THE DATA:
☆ ☆ ☆

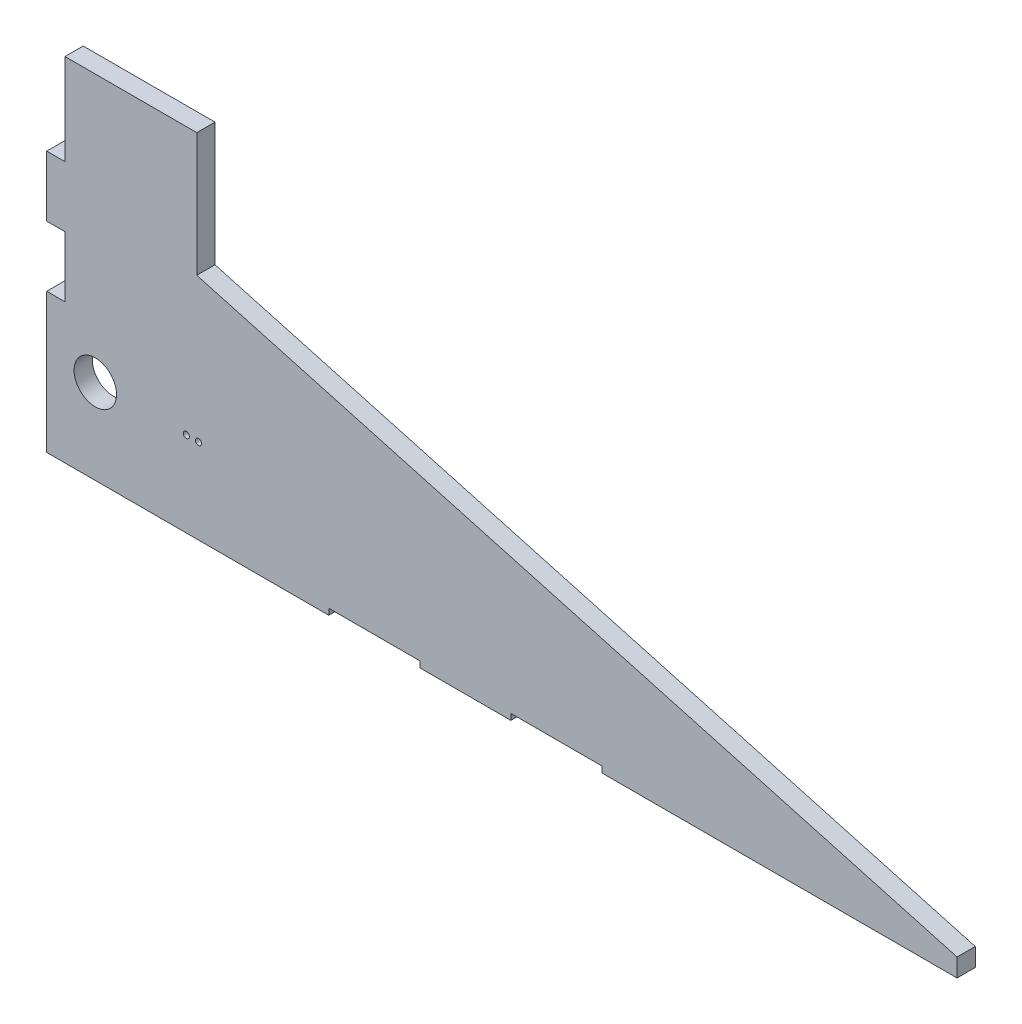
ISO-10303-21;
HEADER;
FILE_DESCRIPTION(('STEP AP214'),'2;1');
FILE_NAME('part.step','',(''),(''),'','','');
FILE_SCHEMA(('AUTOMOTIVE_DESIGN { 1 0 10303 214 1 1 1 1 }'));
ENDSEC;
DATA;
#1=APPLICATION_CONTEXT('core data for automotive mechanical design processes');
#2=APPLICATION_PROTOCOL_DEFINITION('international standard','automotive_design',2000,#1);
#3=PRODUCT_CONTEXT('',#1,'mechanical');
#4=PRODUCT('Part','Part','',(#3));
#5=PRODUCT_RELATED_PRODUCT_CATEGORY('part','',(#4));
#6=PRODUCT_DEFINITION_FORMATION('','',#4);
#7=PRODUCT_DEFINITION_CONTEXT('part definition',#1,'design');
#8=PRODUCT_DEFINITION('design','',#6,#7);
#9=PRODUCT_DEFINITION_SHAPE('','',#8);
#10=(LENGTH_UNIT() NAMED_UNIT(*) SI_UNIT(.MILLI.,.METRE.));
#11=(NAMED_UNIT(*) PLANE_ANGLE_UNIT() SI_UNIT($,.RADIAN.));
#12=(NAMED_UNIT(*) SI_UNIT($,.STERADIAN.) SOLID_ANGLE_UNIT());
#13=UNCERTAINTY_MEASURE_WITH_UNIT(LENGTH_MEASURE(1.E-05),#10,'distance_accuracy_value','');
#14=(GEOMETRIC_REPRESENTATION_CONTEXT(3) GLOBAL_UNCERTAINTY_ASSIGNED_CONTEXT((#13)) GLOBAL_UNIT_ASSIGNED_CONTEXT((#10,
#11,#12)) REPRESENTATION_CONTEXT('',''));
#15=CARTESIAN_POINT('',(0.,0.,0.));
#16=DIRECTION('',(0.,0.,1.));
#17=DIRECTION('',(1.,0.,0.));
#18=AXIS2_PLACEMENT_3D('',#15,#16,#17);
#19=CARTESIAN_POINT('',(0.,-59.0782122905028,0.5));
#20=DIRECTION('',(0.,1.,0.));
#21=DIRECTION('',(0.,0.,1.));
#22=AXIS2_PLACEMENT_3D('',#19,#20,#21);
#23=PLANE('',#22);
#24=DIRECTION('',(0.,0.,1.));
#25=VECTOR('',#24,1.);
#26=CARTESIAN_POINT('',(76.4737166857182,-59.0782122905028,-2.5));
#27=LINE('',#26,#25);
#28=CARTESIAN_POINT('',(76.4737166857182,-59.0782122905028,-2.5));
#29=VERTEX_POINT('',#28);
#30=CARTESIAN_POINT('',(76.4737166857182,-59.0782122905028,0.5));
#31=VERTEX_POINT('',#30);
#32=EDGE_CURVE('E188',#29,#31,#27,.T.);
#33=ORIENTED_EDGE('',*,*,#32,.T.);
#34=DIRECTION('',(1.,0.,0.));
#35=VECTOR('',#34,1.);
#36=CARTESIAN_POINT('',(0.,-59.0782122905028,0.5));
#37=LINE('',#36,#35);
#38=CARTESIAN_POINT('',(61.4737166857182,-59.0782122905028,0.5));
#39=VERTEX_POINT('',#38);
#40=EDGE_CURVE('E318',#39,#31,#37,.T.);
#41=ORIENTED_EDGE('',*,*,#40,.F.);
#42=DIRECTION('',(0.,0.,-1.));
#43=VECTOR('',#42,1.);
#44=CARTESIAN_POINT('',(61.4737166857182,-59.0782122905028,0.5));
#45=LINE('',#44,#43);
#46=CARTESIAN_POINT('',(61.4737166857182,-59.0782122905028,-2.5));
#47=VERTEX_POINT('',#46);
#48=EDGE_CURVE('E198',#39,#47,#45,.T.);
#49=ORIENTED_EDGE('',*,*,#48,.T.);
#50=DIRECTION('',(1.,0.,0.));
#51=VECTOR('',#50,1.);
#52=CARTESIAN_POINT('',(0.,-59.0782122905028,-2.5));
#53=LINE('',#52,#51);
#54=EDGE_CURVE('E299',#47,#29,#53,.T.);
#55=ORIENTED_EDGE('',*,*,#54,.T.);
#56=EDGE_LOOP('',(#33,#41,#49,#55));
#57=FACE_BOUND('',#56,.T.);
#58=ADVANCED_FACE('F34',(#57),#23,.F.);
#59=CARTESIAN_POINT('',(91.4737166857182,-59.0782122905028,0.5));
#60=VERTEX_POINT('',#59);
#61=CARTESIAN_POINT('',(150.,-59.0782122905028,0.5));
#62=VERTEX_POINT('',#61);
#63=EDGE_CURVE('E319',#60,#62,#37,.T.);
#64=ORIENTED_EDGE('',*,*,#63,.F.);
#65=DIRECTION('',(0.,0.,1.));
#66=VECTOR('',#65,1.);
#67=CARTESIAN_POINT('',(91.4737166857182,-59.0782122905028,-2.5));
#68=LINE('',#67,#66);
#69=CARTESIAN_POINT('',(91.4737166857182,-59.0782122905028,-2.5));
#70=VERTEX_POINT('',#69);
#71=EDGE_CURVE('E177',#70,#60,#68,.T.);
#72=ORIENTED_EDGE('',*,*,#71,.F.);
#73=CARTESIAN_POINT('',(150.,-59.0782122905028,-2.5));
#74=VERTEX_POINT('',#73);
#75=EDGE_CURVE('E294',#70,#74,#53,.T.);
#76=ORIENTED_EDGE('',*,*,#75,.T.);
#77=DIRECTION('',(0.,0.,-1.));
#78=VECTOR('',#77,1.);
#79=CARTESIAN_POINT('',(150.,-59.0782122905028,0.5));
#80=LINE('',#79,#78);
#81=EDGE_CURVE('E42',#62,#74,#80,.T.);
#82=ORIENTED_EDGE('',*,*,#81,.F.);
#83=EDGE_LOOP('',(#64,#72,#76,#82));
#84=FACE_BOUND('',#83,.T.);
#85=ADVANCED_FACE('F394',(#84),#23,.F.);
#86=CARTESIAN_POINT('',(0.,0.,0.5));
#87=DIRECTION('',(0.,0.,1.));
#88=DIRECTION('',(1.,0.,0.));
#89=AXIS2_PLACEMENT_3D('',#86,#87,#88);
#90=PLANE('',#89);
#91=DIRECTION('',(0.,-1.,0.));
#92=VECTOR('',#91,1.);
#93=CARTESIAN_POINT('',(91.4737166857182,-58.0782122905028,0.5));
#94=LINE('',#93,#92);
#95=CARTESIAN_POINT('',(91.4737166857182,-58.0782122905028,0.5));
#96=VERTEX_POINT('',#95);
#97=EDGE_CURVE('E171',#96,#60,#94,.T.);
#98=ORIENTED_EDGE('',*,*,#97,.T.);
#99=ORIENTED_EDGE('',*,*,#63,.T.);
#100=DIRECTION('',(0.,1.,0.));
#101=VECTOR('',#100,1.);
#102=CARTESIAN_POINT('',(150.,-59.0782122905028,0.5));
#103=LINE('',#102,#101);
#104=CARTESIAN_POINT('',(150.,-56.0782122905028,0.5));
#105=VERTEX_POINT('',#104);
#106=EDGE_CURVE('E317',#62,#105,#103,.T.);
#107=ORIENTED_EDGE('',*,*,#106,.T.);
#108=DIRECTION('',(-0.96382597398701,0.266532346757371,0.));
#109=VECTOR('',#108,1.);
#110=CARTESIAN_POINT('',(150.,-56.0782122905028,0.5));
#111=LINE('',#110,#109);
#112=CARTESIAN_POINT('',(24.7206703910615,-21.4339978554697,0.5));
#113=VERTEX_POINT('',#112);
#114=EDGE_CURVE('E321',#105,#113,#111,.T.);
#115=ORIENTED_EDGE('',*,*,#114,.T.);
#116=DIRECTION('',(0.,1.,0.));
#117=VECTOR('',#116,1.);
#118=CARTESIAN_POINT('',(24.7206703910615,-21.4339978554697,0.5));
#119=LINE('',#118,#117);
#120=CARTESIAN_POINT('',(24.7206703910615,-1.07821229050276,0.5));
#121=VERTEX_POINT('',#120);
#122=EDGE_CURVE('E323',#113,#121,#119,.T.);
#123=ORIENTED_EDGE('',*,*,#122,.T.);
#124=DIRECTION('',(-1.,0.,0.));
#125=VECTOR('',#124,1.);
#126=CARTESIAN_POINT('',(24.7206703910615,-1.07821229050276,0.5));
#127=LINE('',#126,#125);
#128=CARTESIAN_POINT('',(3.,-1.07821229050276,0.5));
#129=VERTEX_POINT('',#128);
#130=EDGE_CURVE('E308',#121,#129,#127,.T.);
#131=ORIENTED_EDGE('',*,*,#130,.T.);
#132=DIRECTION('',(0.,1.,0.));
#133=VECTOR('',#132,1.);
#134=CARTESIAN_POINT('',(3.,-1.07821229050276,0.5));
#135=LINE('',#134,#133);
#136=CARTESIAN_POINT('',(3.,-16.0782122905028,0.500000000000002));
#137=VERTEX_POINT('',#136);
#138=EDGE_CURVE('E231',#137,#129,#135,.T.);
#139=ORIENTED_EDGE('',*,*,#138,.F.);
#140=DIRECTION('',(-1.,0.,0.));
#141=VECTOR('',#140,1.);
#142=CARTESIAN_POINT('',(3.,-16.0782122905028,0.500000000000002));
#143=LINE('',#142,#141);
#144=CARTESIAN_POINT('',(0.,-16.0782122905028,0.500000000000002));
#145=VERTEX_POINT('',#144);
#146=EDGE_CURVE('E244',#137,#145,#143,.T.);
#147=ORIENTED_EDGE('',*,*,#146,.T.);
#148=DIRECTION('',(0.,-1.,0.));
#149=VECTOR('',#148,1.);
#150=CARTESIAN_POINT('',(0.,-1.07821229050276,0.5));
#151=LINE('',#150,#149);
#152=CARTESIAN_POINT('',(0.,-26.0782122905028,0.5));
#153=VERTEX_POINT('',#152);
#154=EDGE_CURVE('E313',#145,#153,#151,.T.);
#155=ORIENTED_EDGE('',*,*,#154,.T.);
#156=DIRECTION('',(-1.,0.,0.));
#157=VECTOR('',#156,1.);
#158=CARTESIAN_POINT('',(3.,-26.0782122905028,0.5));
#159=LINE('',#158,#157);
#160=CARTESIAN_POINT('',(3.,-26.0782122905028,0.5));
#161=VERTEX_POINT('',#160);
#162=EDGE_CURVE('E265',#161,#153,#159,.T.);
#163=ORIENTED_EDGE('',*,*,#162,.F.);
#164=DIRECTION('',(0.,1.,0.));
#165=VECTOR('',#164,1.);
#166=CARTESIAN_POINT('',(3.,-26.0782122905028,0.5));
#167=LINE('',#166,#165);
#168=CARTESIAN_POINT('',(3.,-36.0782122905028,0.5));
#169=VERTEX_POINT('',#168);
#170=EDGE_CURVE('E256',#169,#161,#167,.T.);
#171=ORIENTED_EDGE('',*,*,#170,.F.);
#172=DIRECTION('',(-1.,0.,0.));
#173=VECTOR('',#172,1.);
#174=CARTESIAN_POINT('',(3.,-36.0782122905028,0.5));
#175=LINE('',#174,#173);
#176=CARTESIAN_POINT('',(0.,-36.0782122905028,0.5));
#177=VERTEX_POINT('',#176);
#178=EDGE_CURVE('E267',#169,#177,#175,.T.);
#179=ORIENTED_EDGE('',*,*,#178,.T.);
#180=CARTESIAN_POINT('',(0.,-59.0782122905028,0.5));
#181=VERTEX_POINT('',#180);
#182=EDGE_CURVE('E311',#177,#181,#151,.T.);
#183=ORIENTED_EDGE('',*,*,#182,.T.);
#184=CARTESIAN_POINT('',(46.4737166857182,-59.0782122905028,0.5));
#185=VERTEX_POINT('',#184);
#186=EDGE_CURVE('E314',#181,#185,#37,.T.);
#187=ORIENTED_EDGE('',*,*,#186,.T.);
#188=DIRECTION('',(0.,-1.,0.));
#189=VECTOR('',#188,1.);
#190=CARTESIAN_POINT('',(46.4737166857182,-58.0782122905028,0.5));
#191=LINE('',#190,#189);
#192=CARTESIAN_POINT('',(46.4737166857182,-58.0782122905028,0.5));
#193=VERTEX_POINT('',#192);
#194=EDGE_CURVE('E213',#193,#185,#191,.T.);
#195=ORIENTED_EDGE('',*,*,#194,.F.);
#196=DIRECTION('',(-1.,0.,0.));
#197=VECTOR('',#196,1.);
#198=CARTESIAN_POINT('',(61.4737166857182,-58.0782122905028,0.5));
#199=LINE('',#198,#197);
#200=CARTESIAN_POINT('',(61.4737166857182,-58.0782122905028,0.5));
#201=VERTEX_POINT('',#200);
#202=EDGE_CURVE('E218',#201,#193,#199,.T.);
#203=ORIENTED_EDGE('',*,*,#202,.F.);
#204=DIRECTION('',(0.,-1.,0.));
#205=VECTOR('',#204,1.);
#206=CARTESIAN_POINT('',(61.4737166857182,-58.0782122905028,0.5));
#207=LINE('',#206,#205);
#208=EDGE_CURVE('E215',#201,#39,#207,.T.);
#209=ORIENTED_EDGE('',*,*,#208,.T.);
#210=ORIENTED_EDGE('',*,*,#40,.T.);
#211=DIRECTION('',(0.,-1.,0.));
#212=VECTOR('',#211,1.);
#213=CARTESIAN_POINT('',(76.4737166857182,-58.0782122905028,0.5));
#214=LINE('',#213,#212);
#215=CARTESIAN_POINT('',(76.4737166857182,-58.0782122905028,0.5));
#216=VERTEX_POINT('',#215);
#217=EDGE_CURVE('E181',#216,#31,#214,.T.);
#218=ORIENTED_EDGE('',*,*,#217,.F.);
#219=DIRECTION('',(-1.,0.,0.));
#220=VECTOR('',#219,1.);
#221=CARTESIAN_POINT('',(91.4737166857182,-58.0782122905028,0.5));
#222=LINE('',#221,#220);
#223=EDGE_CURVE('E185',#96,#216,#222,.T.);
#224=ORIENTED_EDGE('',*,*,#223,.F.);
#225=EDGE_LOOP('',(#98,#99,#107,#115,#123,#131,#139,#147,#155,#163,#171,#179,#183,#187,#195,
#203,#209,#210,#218,#224));
#226=FACE_BOUND('',#225,.T.);
#227=CARTESIAN_POINT('',(8.,-45.0782122905028,0.5));
#228=DIRECTION('',(0.,0.,1.));
#229=DIRECTION('',(1.,0.,0.));
#230=AXIS2_PLACEMENT_3D('',#227,#228,#229);
#231=CIRCLE('',#230,3.5);
#232=CARTESIAN_POINT('',(11.5,-45.0782122905028,0.5));
#233=VERTEX_POINT('',#232);
#234=EDGE_CURVE('E273',#233,#233,#231,.T.);
#235=ORIENTED_EDGE('',*,*,#234,.F.);
#236=EDGE_LOOP('',(#235));
#237=FACE_BOUND('',#236,.T.);
#238=CARTESIAN_POINT('',(25.,-45.0782122905028,0.5));
#239=DIRECTION('',(0.,0.,1.));
#240=DIRECTION('',(1.,0.,0.));
#241=AXIS2_PLACEMENT_3D('',#238,#239,#240);
#242=CIRCLE('',#241,0.499999999999999);
#243=CARTESIAN_POINT('',(25.5,-45.0782122905028,0.5));
#244=VERTEX_POINT('',#243);
#245=EDGE_CURVE('E277',#244,#244,#242,.T.);
#246=ORIENTED_EDGE('',*,*,#245,.F.);
#247=EDGE_LOOP('',(#246));
#248=FACE_BOUND('',#247,.T.);
#249=CARTESIAN_POINT('',(23.,-45.0782122905028,0.5));
#250=DIRECTION('',(0.,0.,1.));
#251=DIRECTION('',(1.,0.,0.));
#252=AXIS2_PLACEMENT_3D('',#249,#250,#251);
#253=CIRCLE('',#252,0.499999999999999);
#254=CARTESIAN_POINT('',(23.5,-45.0782122905028,0.5));
#255=VERTEX_POINT('',#254);
#256=EDGE_CURVE('E280',#255,#255,#253,.T.);
#257=ORIENTED_EDGE('',*,*,#256,.F.);
#258=EDGE_LOOP('',(#257));
#259=FACE_BOUND('',#258,.T.);
#260=ADVANCED_FACE('F190',(#226,#237,#248,#259),#90,.T.);
#261=CARTESIAN_POINT('',(0.,0.,-2.5));
#262=DIRECTION('',(0.,0.,1.));
#263=DIRECTION('',(1.,0.,0.));
#264=AXIS2_PLACEMENT_3D('',#261,#262,#263);
#265=PLANE('',#264);
#266=CARTESIAN_POINT('',(23.,-45.0782122905028,-2.5));
#267=DIRECTION('',(0.,0.,1.));
#268=DIRECTION('',(1.,0.,0.));
#269=AXIS2_PLACEMENT_3D('',#266,#267,#268);
#270=CIRCLE('',#269,0.499999999999999);
#271=CARTESIAN_POINT('',(23.5,-45.0782122905028,-2.5));
#272=VERTEX_POINT('',#271);
#273=EDGE_CURVE('E276',#272,#272,#270,.T.);
#274=ORIENTED_EDGE('',*,*,#273,.T.);
#275=EDGE_LOOP('',(#274));
#276=FACE_BOUND('',#275,.T.);
#277=CARTESIAN_POINT('',(25.,-45.0782122905028,-2.5));
#278=DIRECTION('',(0.,0.,1.));
#279=DIRECTION('',(1.,0.,0.));
#280=AXIS2_PLACEMENT_3D('',#277,#278,#279);
#281=CIRCLE('',#280,0.499999999999999);
#282=CARTESIAN_POINT('',(25.5,-45.0782122905028,-2.5));
#283=VERTEX_POINT('',#282);
#284=EDGE_CURVE('E285',#283,#283,#281,.T.);
#285=ORIENTED_EDGE('',*,*,#284,.T.);
#286=EDGE_LOOP('',(#285));
#287=FACE_BOUND('',#286,.T.);
#288=CARTESIAN_POINT('',(8.,-45.0782122905028,-2.5));
#289=DIRECTION('',(0.,0.,1.));
#290=DIRECTION('',(1.,0.,0.));
#291=AXIS2_PLACEMENT_3D('',#288,#289,#290);
#292=CIRCLE('',#291,3.5);
#293=CARTESIAN_POINT('',(11.5,-45.0782122905028,-2.5));
#294=VERTEX_POINT('',#293);
#295=EDGE_CURVE('E288',#294,#294,#292,.T.);
#296=ORIENTED_EDGE('',*,*,#295,.T.);
#297=EDGE_LOOP('',(#296));
#298=FACE_BOUND('',#297,.T.);
#299=ORIENTED_EDGE('',*,*,#75,.F.);
#300=DIRECTION('',(0.,-1.,0.));
#301=VECTOR('',#300,1.);
#302=CARTESIAN_POINT('',(91.4737166857182,-58.0782122905028,-2.5));
#303=LINE('',#302,#301);
#304=CARTESIAN_POINT('',(91.4737166857182,-58.0782122905028,-2.5));
#305=VERTEX_POINT('',#304);
#306=EDGE_CURVE('E201',#305,#70,#303,.T.);
#307=ORIENTED_EDGE('',*,*,#306,.F.);
#308=DIRECTION('',(-1.,0.,0.));
#309=VECTOR('',#308,1.);
#310=CARTESIAN_POINT('',(91.4737166857182,-58.0782122905028,-2.5));
#311=LINE('',#310,#309);
#312=CARTESIAN_POINT('',(76.4737166857182,-58.0782122905028,-2.5));
#313=VERTEX_POINT('',#312);
#314=EDGE_CURVE('E182',#305,#313,#311,.T.);
#315=ORIENTED_EDGE('',*,*,#314,.T.);
#316=DIRECTION('',(0.,-1.,0.));
#317=VECTOR('',#316,1.);
#318=CARTESIAN_POINT('',(76.4737166857182,-58.0782122905028,-2.5));
#319=LINE('',#318,#317);
#320=EDGE_CURVE('E204',#313,#29,#319,.T.);
#321=ORIENTED_EDGE('',*,*,#320,.T.);
#322=ORIENTED_EDGE('',*,*,#54,.F.);
#323=DIRECTION('',(0.,-1.,0.));
#324=VECTOR('',#323,1.);
#325=CARTESIAN_POINT('',(61.4737166857182,-58.0782122905028,-2.5));
#326=LINE('',#325,#324);
#327=CARTESIAN_POINT('',(61.4737166857182,-58.0782122905028,-2.5));
#328=VERTEX_POINT('',#327);
#329=EDGE_CURVE('E208',#328,#47,#326,.T.);
#330=ORIENTED_EDGE('',*,*,#329,.F.);
#331=DIRECTION('',(-1.,0.,0.));
#332=VECTOR('',#331,1.);
#333=CARTESIAN_POINT('',(61.4737166857182,-58.0782122905028,-2.5));
#334=LINE('',#333,#332);
#335=CARTESIAN_POINT('',(46.4737166857182,-58.0782122905028,-2.5));
#336=VERTEX_POINT('',#335);
#337=EDGE_CURVE('E226',#328,#336,#334,.T.);
#338=ORIENTED_EDGE('',*,*,#337,.T.);
#339=DIRECTION('',(0.,-1.,0.));
#340=VECTOR('',#339,1.);
#341=CARTESIAN_POINT('',(46.4737166857182,-58.0782122905028,-2.5));
#342=LINE('',#341,#340);
#343=CARTESIAN_POINT('',(46.4737166857182,-59.0782122905028,-2.5));
#344=VERTEX_POINT('',#343);
#345=EDGE_CURVE('E210',#336,#344,#342,.T.);
#346=ORIENTED_EDGE('',*,*,#345,.T.);
#347=CARTESIAN_POINT('',(0.,-59.0782122905028,-2.5));
#348=VERTEX_POINT('',#347);
#349=EDGE_CURVE('E295',#348,#344,#53,.T.);
#350=ORIENTED_EDGE('',*,*,#349,.F.);
#351=DIRECTION('',(0.,-1.,0.));
#352=VECTOR('',#351,1.);
#353=CARTESIAN_POINT('',(0.,-1.07821229050276,-2.5));
#354=LINE('',#353,#352);
#355=CARTESIAN_POINT('',(0.,-36.0782122905028,-2.49999999999999));
#356=VERTEX_POINT('',#355);
#357=EDGE_CURVE('E247',#356,#348,#354,.T.);
#358=ORIENTED_EDGE('',*,*,#357,.F.);
#359=DIRECTION('',(-1.,0.,0.));
#360=VECTOR('',#359,1.);
#361=CARTESIAN_POINT('',(3.,-36.0782122905028,-2.49999999999999));
#362=LINE('',#361,#360);
#363=CARTESIAN_POINT('',(3.,-36.0782122905028,-2.49999999999999));
#364=VERTEX_POINT('',#363);
#365=EDGE_CURVE('E260',#364,#356,#362,.T.);
#366=ORIENTED_EDGE('',*,*,#365,.F.);
#367=DIRECTION('',(0.,-1.,0.));
#368=VECTOR('',#367,1.);
#369=CARTESIAN_POINT('',(3.,-26.0782122905028,-2.5));
#370=LINE('',#369,#368);
#371=CARTESIAN_POINT('',(3.,-26.0782122905028,-2.5));
#372=VERTEX_POINT('',#371);
#373=EDGE_CURVE('E249',#372,#364,#370,.T.);
#374=ORIENTED_EDGE('',*,*,#373,.F.);
#375=DIRECTION('',(-1.,0.,0.));
#376=VECTOR('',#375,1.);
#377=CARTESIAN_POINT('',(3.,-26.0782122905028,-2.5));
#378=LINE('',#377,#376);
#379=CARTESIAN_POINT('',(0.,-26.0782122905028,-2.5));
#380=VERTEX_POINT('',#379);
#381=EDGE_CURVE('E243',#372,#380,#378,.T.);
#382=ORIENTED_EDGE('',*,*,#381,.T.);
#383=CARTESIAN_POINT('',(0.,-16.0782122905028,-2.5));
#384=VERTEX_POINT('',#383);
#385=EDGE_CURVE('E272',#384,#380,#354,.T.);
#386=ORIENTED_EDGE('',*,*,#385,.F.);
#387=DIRECTION('',(-1.,0.,0.));
#388=VECTOR('',#387,1.);
#389=CARTESIAN_POINT('',(3.,-16.0782122905028,-2.5));
#390=LINE('',#389,#388);
#391=CARTESIAN_POINT('',(3.,-16.0782122905028,-2.5));
#392=VERTEX_POINT('',#391);
#393=EDGE_CURVE('E241',#392,#384,#390,.T.);
#394=ORIENTED_EDGE('',*,*,#393,.F.);
#395=DIRECTION('',(0.,-1.,0.));
#396=VECTOR('',#395,1.);
#397=CARTESIAN_POINT('',(3.,-1.07821229050276,-2.5));
#398=LINE('',#397,#396);
#399=CARTESIAN_POINT('',(3.,-1.07821229050276,-2.5));
#400=VERTEX_POINT('',#399);
#401=EDGE_CURVE('E236',#400,#392,#398,.T.);
#402=ORIENTED_EDGE('',*,*,#401,.F.);
#403=DIRECTION('',(-1.,0.,0.));
#404=VECTOR('',#403,1.);
#405=CARTESIAN_POINT('',(24.7206703910615,-1.07821229050276,-2.5));
#406=LINE('',#405,#404);
#407=CARTESIAN_POINT('',(24.7206703910615,-1.07821229050276,-2.5));
#408=VERTEX_POINT('',#407);
#409=EDGE_CURVE('E291',#408,#400,#406,.T.);
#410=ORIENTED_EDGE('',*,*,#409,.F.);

☆ ☆ ☆

YOUR OBJECTIVE:
Please give an exact copy of the entries above, from the line with "#286=EDGE_LOOP('',(#285));" down to the line with "#309=VECTOR('',#308,1.);", inclusive, and nothing else.

SOLVED PROBLEM:
#286=EDGE_LOOP('',(#285));
#287=FACE_BOUND('',#286,.T.);
#288=CARTESIAN_POINT('',(8.,-45.0782122905028,-2.5));
#289=DIRECTION('',(0.,0.,1.));
#290=DIRECTION('',(1.,0.,0.));
#291=AXIS2_PLACEMENT_3D('',#288,#289,#290);
#292=CIRCLE('',#291,3.5);
#293=CARTESIAN_POINT('',(11.5,-45.0782122905028,-2.5));
#294=VERTEX_POINT('',#293);
#295=EDGE_CURVE('E288',#294,#294,#292,.T.);
#296=ORIENTED_EDGE('',*,*,#295,.T.);
#297=EDGE_LOOP('',(#296));
#298=FACE_BOUND('',#297,.T.);
#299=ORIENTED_EDGE('',*,*,#75,.F.);
#300=DIRECTION('',(0.,-1.,0.));
#301=VECTOR('',#300,1.);
#302=CARTESIAN_POINT('',(91.4737166857182,-58.0782122905028,-2.5));
#303=LINE('',#302,#301);
#304=CARTESIAN_POINT('',(91.4737166857182,-58.0782122905028,-2.5));
#305=VERTEX_POINT('',#304);
#306=EDGE_CURVE('E201',#305,#70,#303,.T.);
#307=ORIENTED_EDGE('',*,*,#306,.F.);
#308=DIRECTION('',(-1.,0.,0.));
#309=VECTOR('',#308,1.);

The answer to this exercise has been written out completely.